小倉へいくのに,博多ゆきの「のぞみ」に乗らなかったのは,単純に指定席がとれなかったから。狙い通り,広島ゆきの自由席は,まだ窓側が空いていた。

のぞみ自由席の車内でコンパス時刻表を繰りながら,3日間のルートをあれこれ思案した。

終点の広島についたころにはちょうどひるすぎだったので,ホーム上の駅弁屋で「炙り煮あなごめし」を購入。名古屋で先だった自分をおいかけてきた,

19A のぞみ19号博多ゆき
広島1303>>>小倉1353

に乗り込み,これを食べながら小倉までひとっとび。

小倉駅でいったん下車。当駅は,新幹線をJR西日本が,在来線をJR九州が管轄している。新幹線のきっぷを小倉止まりにしたのは,小倉駅からの在来線(JR九州)に「ぐるっと九州きっぷ」を使い始めることで,少しでも元を取ろうと考えたからだ。

新幹線改札をでて,「JR九州」の「みどりの窓口」へ赴き,「ぐるっと九州きっぷ」を買うことができた。購入日(火曜日)を使用開始日として,連続する3日間,すなわち木曜日まで,このきっぷを使えることになった。

九州筑豊エリアの地方交通線に乗る

さて,念願の周遊きっぷが手に入ったわけだが,小倉からの行先がいまだに決まっていなかった。電光掲示板に表示された時刻と目的地案内をみながら,なんとなくホームへ降りたり,上がったりしていた。あるホームにたたずんでいると,どこからともなく気動車(DC)のエンジン音が聞こえてきた。その方へふと,目をやると,JR九州おなじみ,すすけたアイボリーホワイトに濃い青のラインが入った2両つなぎのDCがいた。

「あれに乗ろう!」

直感でそう判断して,すこし急ぎ足で階段を駆け上がり,跨線橋をわたってホームへ降りて行くと,待っていたのがこの汽車だった。

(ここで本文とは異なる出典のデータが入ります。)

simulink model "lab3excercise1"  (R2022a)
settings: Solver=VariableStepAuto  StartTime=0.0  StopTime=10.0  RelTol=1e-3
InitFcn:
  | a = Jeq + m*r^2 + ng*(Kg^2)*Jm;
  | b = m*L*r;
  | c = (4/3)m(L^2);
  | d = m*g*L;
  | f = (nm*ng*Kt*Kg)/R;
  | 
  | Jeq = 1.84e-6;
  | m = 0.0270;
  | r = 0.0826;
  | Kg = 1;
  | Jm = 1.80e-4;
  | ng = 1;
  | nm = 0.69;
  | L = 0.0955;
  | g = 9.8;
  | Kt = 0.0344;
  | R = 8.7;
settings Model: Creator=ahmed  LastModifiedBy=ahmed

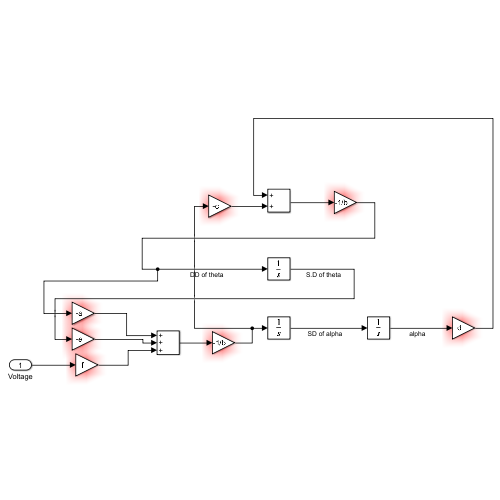
[thumbnail: Simulink's stored preview of the top-level diagram]
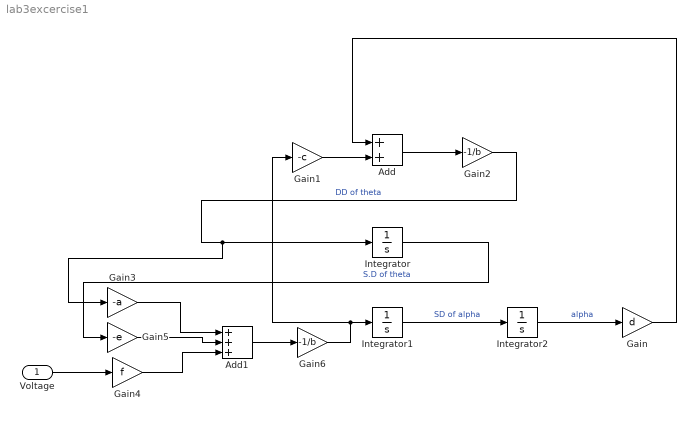
== system lab3excercise1 ==
  Voltage : Inport
  Add : Sum
  Add1 : Sum  Inputs=+++
  Gain : Gain  Gain=d
  Gain1 : Gain  Gain=-c
  Gain2 : Gain  Gain=-1/b
  Gain3 : Gain  Gain=-a
  Gain4 : Gain  Gain=f
  Gain5 : Gain  Gain=-e
  Gain6 : Gain  Gain=-1/b
  Integrator : Integrator
  Integrator1 : Integrator
  Integrator2 : Integrator
  wires:
  Gain2/1 -> Gain3/1, Integrator/1  "DD of theta"
  Integrator/1 -> Gain5/1  "S.D of theta"
  Integrator1/1 -> Integrator2/1  "SD of alpha"
  Integrator2/1 -> Gain/1  "alpha"
  Gain/1 -> Add/1
  Gain1/1 -> Add/2
  Add/1 -> Gain2/1
  Gain4/1 -> Add1/3
  Voltage/1 -> Gain4/1
  Gain5/1 -> Add1/2
  Add1/1 -> Gain6/1
  Gain6/1 -> Integrator1/1, Gain1/1
  Gain3/1 -> Add1/1

キハ147形。ごうごうとエンジンを回しながら停まっていた。

この車の行先は「添田そえだ」だ。小倉までの新幹線で時刻表は見ており,日豊本線や鹿児島本線といった主要幹線の駅はある程度知っていたが,各路線の終着駅・途中駅をすべて把握しているわけではなく,果たして,「添田」ゆきというのが,どこの路線をどう走って行くのか,この時点ではわかっていなかった。

が,車内のボックスシートも,通学・買い物帰りの客で埋まりつつあり,発車時刻も迫っていた。時刻表を手繰るのも面倒になり,直感に身をまかせて,このくるまに乗ることとした。

日田彦山線:小倉~田川後藤寺

キハ147は,エンジンをふかしながら出発。

ボックスシートに腰かけ,自販機で買ったつめたい水をのみ,そして時刻表をひらき,「添田」という駅名をさがした。するとこの列車が,日田彦山ひたひこさん(城野~夜明)の普通列車であることが判明した。北九州市小倉南区の城野じょうの駅から,途中,要衝である田川後藤寺駅を経由して,添田駅までむかう列車だった。

953D 普通 添田ゆき
小倉1422 >>> 田川後藤寺1519

日田彦山線は,去る平成29年の九州北部豪雨で被災してしまい,添田から先,夜明駅(九大本線)までは,BRT(日田彦山線BRT:BRTひこぼしライン)へと転換されている。そのため,この列車の行先は添田となっているのだった。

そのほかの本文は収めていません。